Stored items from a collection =
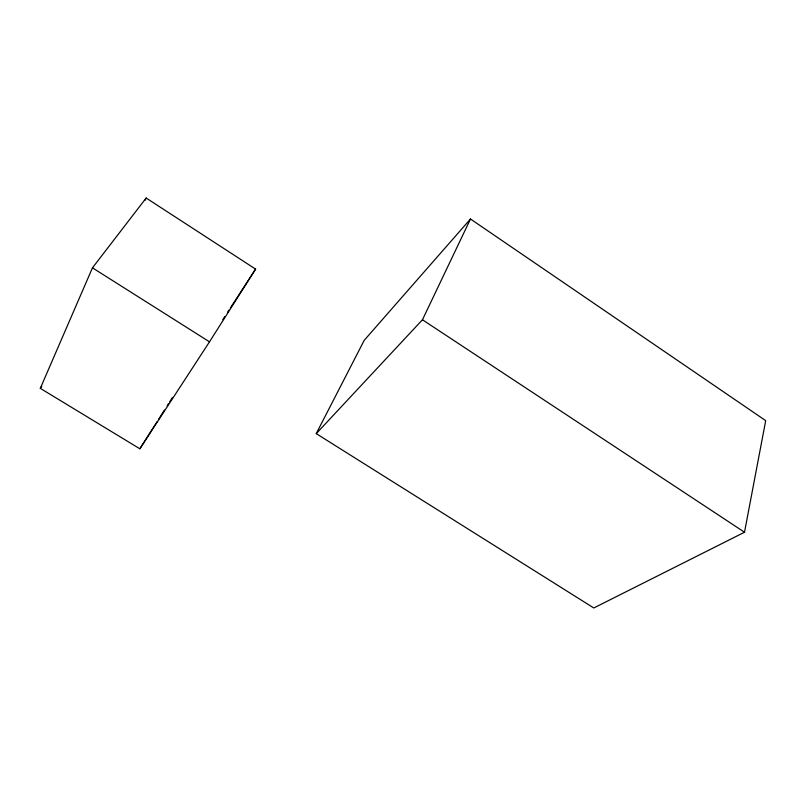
<?xml version="1.0" encoding="UTF-8"?>
<svg xmlns="http://www.w3.org/2000/svg" width="806" height="806" viewBox="0 0 806 806"><rect width="100%" height="100%" fill="white"/><g stroke="black" fill="none" stroke-linecap="round" stroke-linejoin="round"><path stroke-width="1.21" d="M744.512 532.232L765.7 420.641L470.482 219L364.221 340.323L316.234 433.628L593.8 607.976L744.512 532.232L422.455 319.77L316.234 433.628M40.3 388.351L92.458 267.834L146.158 198.024L255.603 269.113L209.5 341.835L139.851 448.791L40.3 388.351L41.781 386.346M145.11 200.301L146.158 198.024M422.455 319.77L470.482 219M139.851 448.791L157.15 421.568M158.48 419.473L164.464 410.042M167.124 405.851L168.454 403.756M169.784 401.67L172.454 397.479M222.778 319.65L224.824 316.496M227.564 312.285L228.924 310.179M230.294 308.073L255.603 269.113M92.458 267.834L209.5 341.835"/></g></svg>
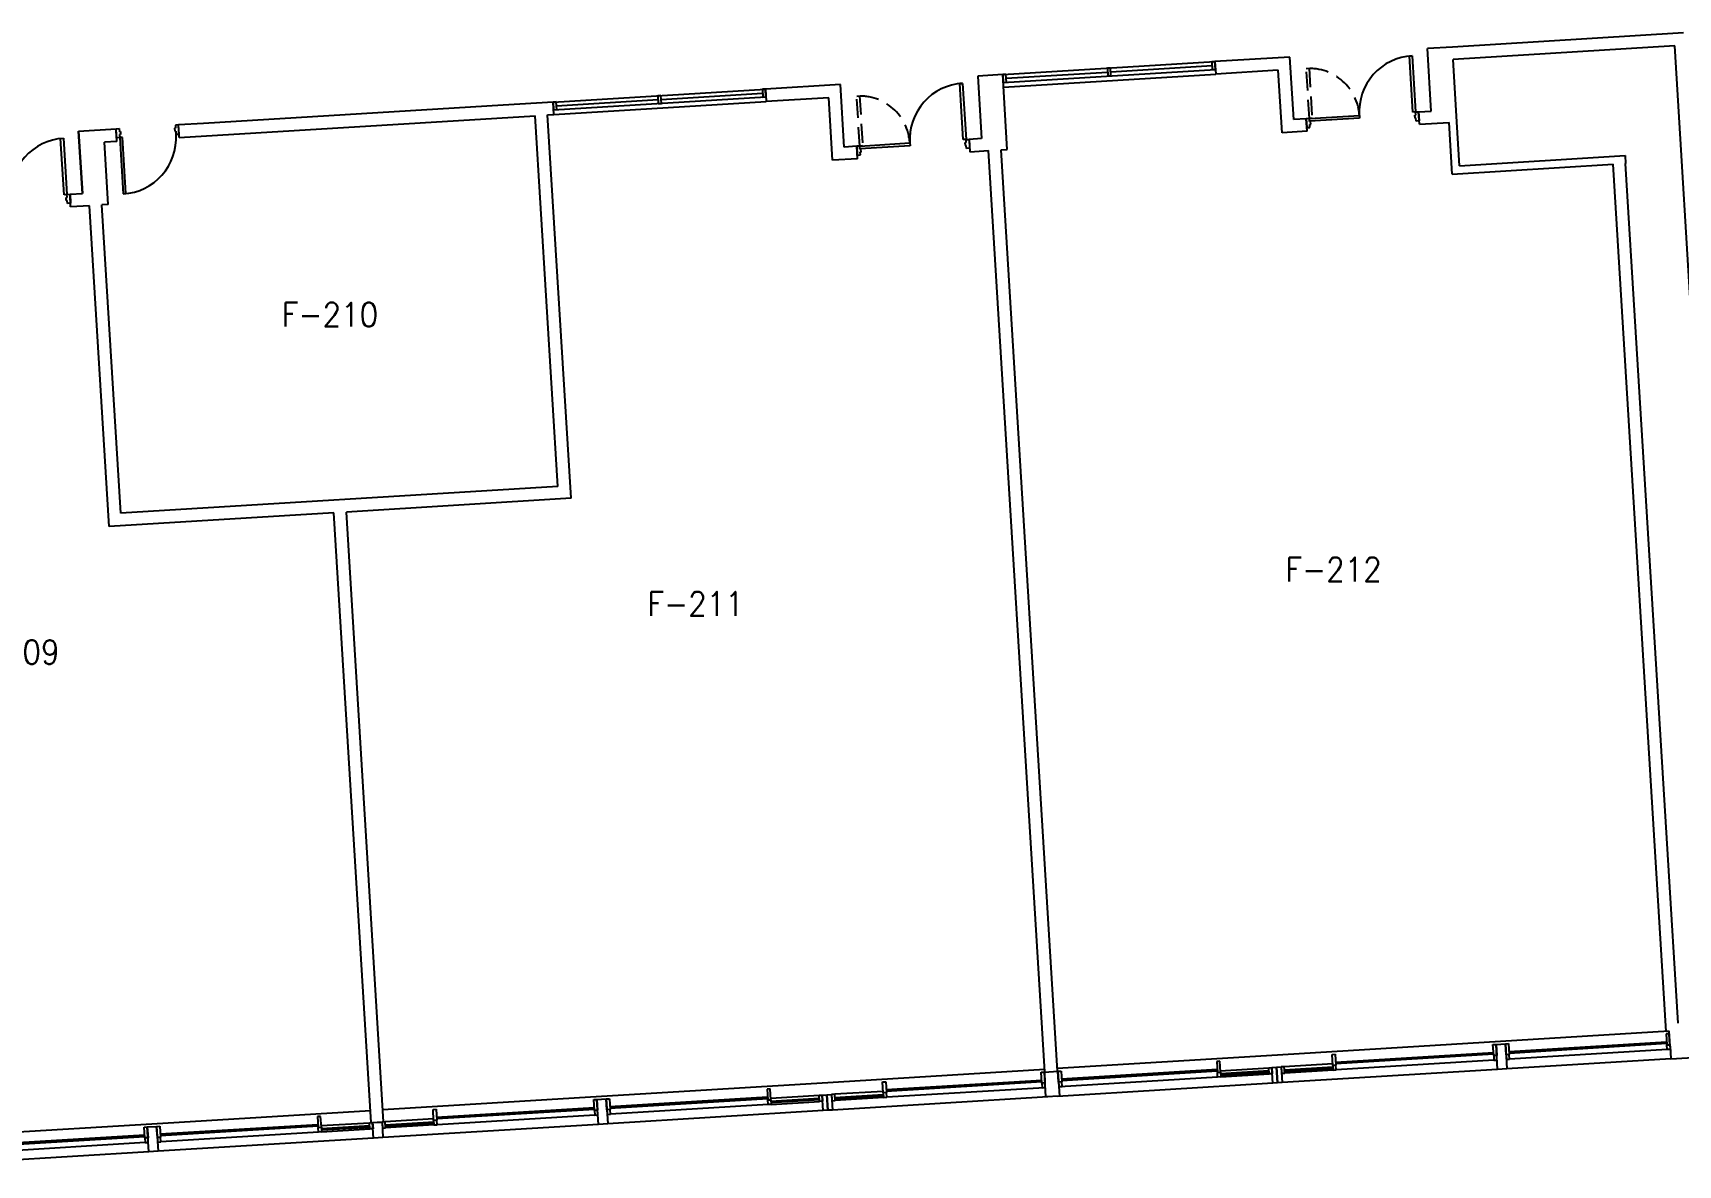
# Model space of a CAD drawing. Header units: inches. Extents: x 0 to 15110, y -1099 to 7181.
# Drawn here: x 10973 to 12025, y 5537 to 6261 of the extents above; entities that cross this region are included whole.
import ezdxf
from ezdxf.enums import TextEntityAlignment as Align

# ---------------------------------------------------------------- set-up
doc = ezdxf.new("R2010")
doc.units = ezdxf.units.IN
doc.header["$LTSCALE"] = 48
doc.header["$MEASUREMENT"] = 0
doc.linetypes.add('HIDDEN', pattern=[0.375, 0.25, -0.125])
doc.layers.get('0').update_dxf_attribs({"linetype": 'CONTINUOUS'})
for name, color, linetype in [('A-DOOR', 5, 'CONTINUOUS'), ('A-GLAZ', 1, 'CONTINUOUS'), ('A-GLAZ-DETL', 5, 'CONTINUOUS'), ('A-WALL', 7, 'CONTINUOUS'), ('A-WALL-SILL', 3, 'CONTINUOUS'), ('SP-RMNO', 7, 'CONTINUOUS'), ('SP-ROOM', 7, 'CONTINUOUS')]:
    doc.layers.add(name, color=color, linetype=linetype)
doc.layers.get('0').off()
doc.layers.get('SP-ROOM').off()
doc.styles.add('ROMANS', font='ROMANS', dxfattribs={"width": 0.78})

# ---------------------------------------------------------------- blocks, each defined once
blk = doc.blocks.new('FMGRM1')
at = {"style": 'ROMANS', "width": 0.9}
for tag, p in [('DATA1', (0, -0.284)), ('DATA2', (0, -0.443)), ('DATA3', (0, -0.602)), ('DATA4', (0, -0.762)), ('DATA5', (0, -0.921))]:
    blk.add_attdef(tag, text='', height=0.117, dxfattribs=at).set_placement(p, align=Align.CENTER)
at = {"layer": 'SP-RMNO', "style": 'ROMANS', "width": 0.9}
blk.add_attdef('RMNUMB', text='', height=0.16, dxfattribs=at).set_placement((0, 0), align=Align.MIDDLE)

msp = doc.modelspace()

# ---------------------------------------------------------------- linework, layer by layer
at = {"layer": 'A-DOOR', "linetype": 'HIDDEN'}
for p, q in [((11787, 6237.9), (11788.8, 6238)), ((11788.8, 6238), (11790.7, 6206)), ((11789, 6205.9), (11787, 6237.9)), ((11499.5, 6220.3), (11501.3, 6220.4)), ((11501.5, 6188.3), (11499.5, 6220.3)), ((11501.3, 6220.4), (11503.3, 6188.4)), ((11790.7, 6206), (11789, 6205.9)), ((11503.3, 6188.4), (11501.5, 6188.3))]:
    msp.add_line(p, q, dxfattribs=at)
at = {"layer": 'A-DOOR', "linetype": 'Continuous'}
for p, q in [((11852.9, 6245.9), (11854.6, 6246)), ((11855.1, 6210), (11852.9, 6245.9)), ((11854.6, 6246), (11856.8, 6210.1)), ((11565.4, 6228.3), (11567.2, 6228.4)), ((11567.6, 6192.4), (11565.4, 6228.3)), ((11567.2, 6228.4), (11569.4, 6192.5)), ((11789, 6205.9), (11820.9, 6207.9)), ((11820.9, 6207.9), (11821, 6206.1)), ((11856.8, 6210.1), (11855.1, 6210)), ((11856.5, 6206.2), (11856.3, 6208.1)), ((11856.3, 6208.1), (11857, 6208.1)), ((11856.8, 6210.1), (11858.8, 6210.2)), ((11857, 6208.1), (11856.8, 6210.1)), ((11858.8, 6210.2), (11859.2, 6204.5)), ((11026, 6199.3), (11027.9, 6199.5)), ((11026.3, 6193.6), (11026, 6199.3)), ((11027.9, 6199.5), (11028.1, 6197.5)), ((11028.1, 6197.5), (11028.7, 6197.6)), ((11028.7, 6197.6), (11028.8, 6195.7)), ((11064, 6199.7), (11063.4, 6199.7)), ((11063.4, 6199.7), (11063.5, 6197.8)), ((11063.5, 6197.8), (11064.1, 6197.8)), ((11065.9, 6201.8), (11063.9, 6201.7)), ((11063.9, 6201.7), (11064, 6199.7)), ((11064.1, 6197.8), (11064.2, 6195.9)), ((11064.2, 6195.9), (11066.2, 6196)), ((11066.2, 6196), (11065.9, 6201.8)), ((11789, 6205.9), (11787, 6205.8)), ((11787, 6205.8), (11787.3, 6200.1)), ((11787.3, 6200.1), (11789.3, 6200.2)), ((11789.1, 6204.2), (11789, 6205.9)), ((11789.1, 6204), (11789, 6205.9)), ((11821, 6206.1), (11789.1, 6204.2)), ((11789.7, 6204), (11789.1, 6204)), ((11789.2, 6202.1), (11789.8, 6202.2)), ((11789.3, 6200.2), (11789.2, 6202.1)), ((11789.8, 6202.2), (11789.7, 6204)), ((11857.1, 6206.3), (11856.5, 6206.2)), ((11857.2, 6204.3), (11857.1, 6206.3)), ((11859.2, 6204.5), (11857.2, 6204.3)), ((10990.5, 6193.2), (10992.3, 6193.3)), ((10992.7, 6157.2), (10990.5, 6193.2)), ((10992.3, 6193.3), (10994.5, 6157.3)), ((11028.3, 6193.7), (11026.3, 6193.6)), ((11028.8, 6195.7), (11028.2, 6195.7)), ((11028.2, 6195.7), (11028.3, 6193.7)), ((11030, 6193.8), (11028.3, 6193.7)), ((11028.3, 6193.7), (11030.5, 6157.8)), ((11032.2, 6157.9), (11030, 6193.8)), ((11501.5, 6188.3), (11499.5, 6188.2)), ((11499.5, 6188.2), (11499.9, 6182.5)), ((11501.5, 6188.3), (11533.4, 6190.3)), ((11501.6, 6186.6), (11501.5, 6188.3)), ((11501.6, 6186.4), (11501.5, 6188.3)), ((11533.6, 6188.5), (11501.6, 6186.6)), ((11502.2, 6186.4), (11501.6, 6186.4)), ((11502.4, 6184.6), (11502.2, 6186.4)), ((11533.4, 6190.3), (11533.6, 6188.5)), ((11569.4, 6192.5), (11567.6, 6192.4)), ((11568.9, 6190.5), (11569.5, 6190.6)), ((11569, 6188.7), (11568.9, 6190.5)), ((11569.6, 6188.7), (11569, 6188.7)), ((11569.4, 6192.5), (11571.4, 6192.6)), ((11569.5, 6190.6), (11569.4, 6192.5)), ((11569.7, 6186.8), (11569.6, 6188.7)), ((11571.7, 6186.9), (11569.7, 6186.8)), ((11571.4, 6192.6), (11571.7, 6186.9)), ((11499.9, 6182.5), (11501.9, 6182.6)), ((11501.7, 6184.5), (11502.4, 6184.6)), ((11501.9, 6182.6), (11501.7, 6184.5)), ((10994.5, 6157.3), (10992.7, 6157.2)), ((10994.1, 6153.5), (10994, 6155.4)), ((10994, 6155.4), (10994.6, 6155.4)), ((10994.5, 6157.3), (10996.5, 6157.5)), ((10994.6, 6155.4), (10994.5, 6157.3)), ((10996.5, 6157.5), (10996.8, 6151.7)), ((11030.5, 6157.8), (11032.2, 6157.9)), ((10994.7, 6153.5), (10994.1, 6153.5)), ((10994.8, 6151.6), (10994.7, 6153.5)), ((10996.8, 6151.7), (10994.8, 6151.6))]:
    msp.add_line(p, q, dxfattribs=at)
for centre in [(11856.8, 6210.1), (11569.4, 6192.5), (10994.5, 6157.3)]:
    msp.add_arc(centre, 36, 93.5055, 183.5055, dxfattribs=at)
at = {"layer": 'A-DOOR', "linetype": 'HIDDEN'}
for centre in [(11789, 6205.9), (11501.5, 6188.3)]:
    msp.add_arc(centre, 32, 3.5055, 93.5055, dxfattribs=at)
at = {"layer": 'A-DOOR', "linetype": 'Continuous'}
msp.add_ellipse((11028.3, 6193.7), major_axis=(-25.5, 25.5), ratio=1, start_param=2.417281, end_param=3.988077, dxfattribs=at)
at = {"layer": 'A-GLAZ', "linetype": 'Continuous'}
for p, q in [((11661.9, 6235.7), (11726.8, 6239.7)), ((11593.2, 6229), (11728.9, 6237.3)), ((11595, 6231.6), (11659.9, 6235.6)), ((11305.7, 6211.4), (11441.5, 6219.7)), ((11307.6, 6214.1), (11372.5, 6218)), ((11374.5, 6218.1), (11439.3, 6222.1)), ((11805.8, 5602.8), (11906.6, 5609)), ((11805.9, 5601.8), (11906.7, 5608)), ((11916.6, 5609.6), (12017.4, 5615.8)), ((11916.7, 5608.6), (12017.5, 5614.8)), ((12017.7, 5610.8), (11916.9, 5604.6)), ((11630.5, 5592.1), (11730, 5598.2)), ((11630.6, 5591.1), (11730, 5597.2)), ((11732, 5597.3), (11763, 5599.2)), ((11763.1, 5597.2), (11732.1, 5595.3)), ((11803.9, 5601.7), (11772.9, 5599.8)), ((11773.1, 5597.8), (11804, 5599.7)), ((11773.1, 5596.8), (11804.1, 5598.7)), ((11804.1, 5597.7), (11773.2, 5595.8)), ((11906.9, 5604), (11806.1, 5597.8)), ((11518.4, 5585.2), (11617.8, 5591.3)), ((11518.4, 5584.3), (11617.9, 5590.3)), ((11619.5, 5586.4), (11518.7, 5580.3)), ((11730.3, 5593.2), (11629.5, 5587)), ((11763.1, 5596.2), (11732.2, 5594.3)), ((11732.3, 5593.3), (11763.2, 5595.2)), ((11341.7, 5574.4), (11442.5, 5580.6)), ((11341.7, 5573.4), (11442.6, 5579.6)), ((11442.8, 5575.6), (11342, 5569.5)), ((11444.6, 5579.7), (11475.5, 5581.6)), ((11475.6, 5579.6), (11444.7, 5577.7)), ((11475.7, 5578.6), (11444.7, 5576.7)), ((11444.8, 5575.7), (11475.7, 5577.6)), ((11516.4, 5584.1), (11485.5, 5582.2)), ((11485.6, 5580.2), (11516.5, 5582.1)), ((11485.7, 5579.2), (11516.6, 5581.1)), ((11516.7, 5580.1), (11485.7, 5578.2)), ((11229, 5566.5), (11198, 5564.7)), ((11230.9, 5567.7), (11331.7, 5573.8)), ((11231, 5566.7), (11331.8, 5572.8)), ((11332, 5568.8), (11231.2, 5562.7)), ((10943.4, 5550.1), (11044.2, 5556.3)), ((10943.5, 5549.1), (11044.3, 5555.3)), ((11054.2, 5556.9), (11155, 5563)), ((11054.3, 5555.9), (11155.1, 5562)), ((11155.3, 5558), (11054.5, 5551.9)), ((11157.1, 5562.2), (11188, 5564)), ((11188.2, 5562), (11157.2, 5560.2)), ((11188.2, 5561), (11157.3, 5559.2)), ((11157.3, 5558.2), (11188.3, 5560.1)), ((11198.1, 5562.7), (11229.1, 5564.6)), ((11198.2, 5561.7), (11229.1, 5563.6)), ((11229.2, 5562.6), (11198.3, 5560.7)), ((11044.5, 5551.3), (10943.7, 5545.1))]:
    msp.add_line(p, q, dxfattribs=at)
at = {"layer": 'A-GLAZ-DETL', "linetype": 'Continuous'}
for p, q in [((11661.8, 6238.2), (11659.8, 6238.1)), ((11659.8, 6238.1), (11660.1, 6233.1)), ((11662.1, 6233.2), (11661.8, 6238.2)), ((11728.6, 6242.3), (11726.6, 6242.2)), ((11726.6, 6242.2), (11726.9, 6237.2)), ((11728.9, 6237.3), (11728.6, 6242.3)), ((11594.9, 6234.1), (11592.9, 6234)), ((11592.9, 6234), (11593.2, 6229)), ((11593.2, 6229), (11595.2, 6229.1)), ((11595.2, 6229.1), (11594.9, 6234.1)), ((11660.1, 6233.1), (11662.1, 6233.2)), ((11726.9, 6237.2), (11728.9, 6237.3)), ((11374.3, 6220.6), (11372.3, 6220.5)), ((11372.3, 6220.5), (11372.6, 6215.5)), ((11374.6, 6215.6), (11374.3, 6220.6)), ((11441.2, 6224.7), (11439.2, 6224.6)), ((11439.2, 6224.6), (11439.5, 6219.6)), ((11439.5, 6219.6), (11441.5, 6219.7)), ((11441.5, 6219.7), (11441.2, 6224.7)), ((11307.4, 6216.5), (11305.4, 6216.4)), ((11305.4, 6216.4), (11305.7, 6211.4)), ((11305.7, 6211.4), (11307.7, 6211.6)), ((11307.7, 6211.6), (11307.4, 6216.5)), ((11372.6, 6215.5), (11374.6, 6215.6)), ((12019.1, 5620.9), (12017.1, 5620.8)), ((12017.1, 5620.8), (12017.5, 5613.8)), ((12019.5, 5613.9), (12019.1, 5620.9)), ((11803.5, 5607.7), (11805.5, 5607.8)), ((11803.9, 5600.7), (11803.5, 5607.7)), ((11805.5, 5607.8), (11805.9, 5600.8)), ((11906.3, 5614), (11908.3, 5614.1)), ((11906.8, 5607), (11906.3, 5614)), ((11908.8, 5607.1), (11906.8, 5607)), ((11908.8, 5607.1), (11906.8, 5607)), ((11906.8, 5607), (11906.9, 5604)), ((11908.3, 5614.1), (11908.8, 5607.1)), ((11908.9, 5604.1), (11908.8, 5607.1)), ((11914.3, 5614.5), (11916.3, 5614.6)), ((11914.7, 5607.5), (11914.3, 5614.5)), ((11916.7, 5607.6), (11914.7, 5607.5)), ((11916.7, 5607.6), (11914.7, 5607.5)), ((11914.7, 5607.5), (11914.9, 5604.5)), ((11916.3, 5614.6), (11916.7, 5607.6)), ((11916.9, 5604.6), (11916.7, 5607.6)), ((12017.5, 5613.8), (12019.5, 5613.9)), ((12017.5, 5613.8), (12019.5, 5613.9)), ((12017.7, 5610.8), (12017.5, 5613.8)), ((12019.7, 5610.9), (12017.7, 5610.8)), ((12019.5, 5613.9), (12019.7, 5610.9)), ((11617.5, 5596.3), (11619.5, 5596.4)), ((11617.9, 5589.3), (11617.5, 5596.3)), ((11619.5, 5596.4), (11619.9, 5589.5)), ((11628.2, 5597), (11630.2, 5597.1)), ((11628.6, 5590), (11628.2, 5597)), ((11630.2, 5597.1), (11630.6, 5590.1)), ((11731.7, 5603.3), (11729.7, 5603.2)), ((11729.7, 5603.2), (11730.1, 5596.2)), ((11730.1, 5596.2), (11732.1, 5596.3)), ((11730.1, 5596.2), (11732.1, 5596.3)), ((11732.1, 5596.3), (11731.7, 5603.3)), ((11732.1, 5596.3), (11732.3, 5593.3)), ((11763, 5599.2), (11765, 5599.3)), ((11763.2, 5595.2), (11763, 5599.2)), ((11765, 5599.3), (11765.2, 5595.3)), ((11772.9, 5599.8), (11770.9, 5599.7)), ((11770.9, 5599.7), (11771.2, 5595.7)), ((11773.2, 5595.8), (11772.9, 5599.8)), ((11805.9, 5600.8), (11803.9, 5600.7)), ((11805.9, 5600.8), (11803.9, 5600.7)), ((11803.9, 5600.7), (11804.1, 5597.7)), ((11804.1, 5597.7), (11806.1, 5597.8)), ((11806.1, 5597.8), (11805.9, 5600.8)), ((11906.9, 5604), (11908.9, 5604.1)), ((11914.9, 5604.5), (11916.9, 5604.6)), ((11516.1, 5590.1), (11518.1, 5590.2)), ((11516.5, 5583.1), (11516.1, 5590.1)), ((11518.1, 5590.2), (11518.5, 5583.3)), ((11619.9, 5589.5), (11617.9, 5589.3)), ((11619.9, 5589.5), (11617.9, 5589.3)), ((11617.9, 5589.3), (11618.1, 5586.3)), ((11618.1, 5586.3), (11620.1, 5586.5)), ((11620.1, 5586.5), (11619.9, 5589.5)), ((11630.6, 5590.1), (11628.6, 5590)), ((11630.6, 5590.1), (11628.6, 5590)), ((11628.6, 5590), (11628.8, 5587)), ((11628.8, 5587), (11630.8, 5587.1)), ((11630.8, 5587.1), (11630.6, 5590.1)), ((11730.3, 5593.2), (11730.1, 5596.2)), ((11732.3, 5593.3), (11730.3, 5593.2)), ((11765.2, 5595.3), (11763.2, 5595.2)), ((11771.2, 5595.7), (11773.2, 5595.8)), ((11331.4, 5578.8), (11333.4, 5578.9)), ((11331.8, 5571.8), (11331.4, 5578.8)), ((11333.4, 5578.9), (11333.8, 5572)), ((11339.4, 5579.3), (11341.4, 5579.4)), ((11339.8, 5572.3), (11339.4, 5579.3)), ((11341.4, 5579.4), (11341.8, 5572.4)), ((11444.2, 5585.7), (11442.2, 5585.6)), ((11442.2, 5585.6), (11442.6, 5578.6)), ((11442.6, 5578.6), (11444.6, 5578.7)), ((11442.6, 5578.6), (11444.6, 5578.7)), ((11442.8, 5575.6), (11442.6, 5578.6)), ((11444.8, 5575.7), (11442.8, 5575.6)), ((11444.6, 5578.7), (11444.2, 5585.7)), ((11444.6, 5578.7), (11444.8, 5575.7)), ((11475.5, 5581.6), (11477.5, 5581.7)), ((11475.7, 5577.6), (11475.5, 5581.6)), ((11477.7, 5577.8), (11475.7, 5577.6)), ((11477.5, 5581.7), (11477.7, 5577.8)), ((11485.5, 5582.2), (11483.5, 5582.1)), ((11483.5, 5582.1), (11483.7, 5578.1)), ((11483.7, 5578.1), (11485.7, 5578.2)), ((11485.7, 5578.2), (11485.5, 5582.2)), ((11518.5, 5583.3), (11516.5, 5583.1)), ((11518.5, 5583.3), (11516.5, 5583.1)), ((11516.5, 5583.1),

Work required =
Among the lines of the data, identify those with the word "centre". Copy each of them.

Answer area =
for centre in [(11856.8, 6210.1), (11569.4, 6192.5), (10994.5, 6157.3)]:
    msp.add_arc(centre, 36, 93.5055, 183.5055, dxfattribs=at)
for centre in [(11789, 6205.9), (11501.5, 6188.3)]:
    msp.add_arc(centre, 32, 3.5055, 93.5055, dxfattribs=at)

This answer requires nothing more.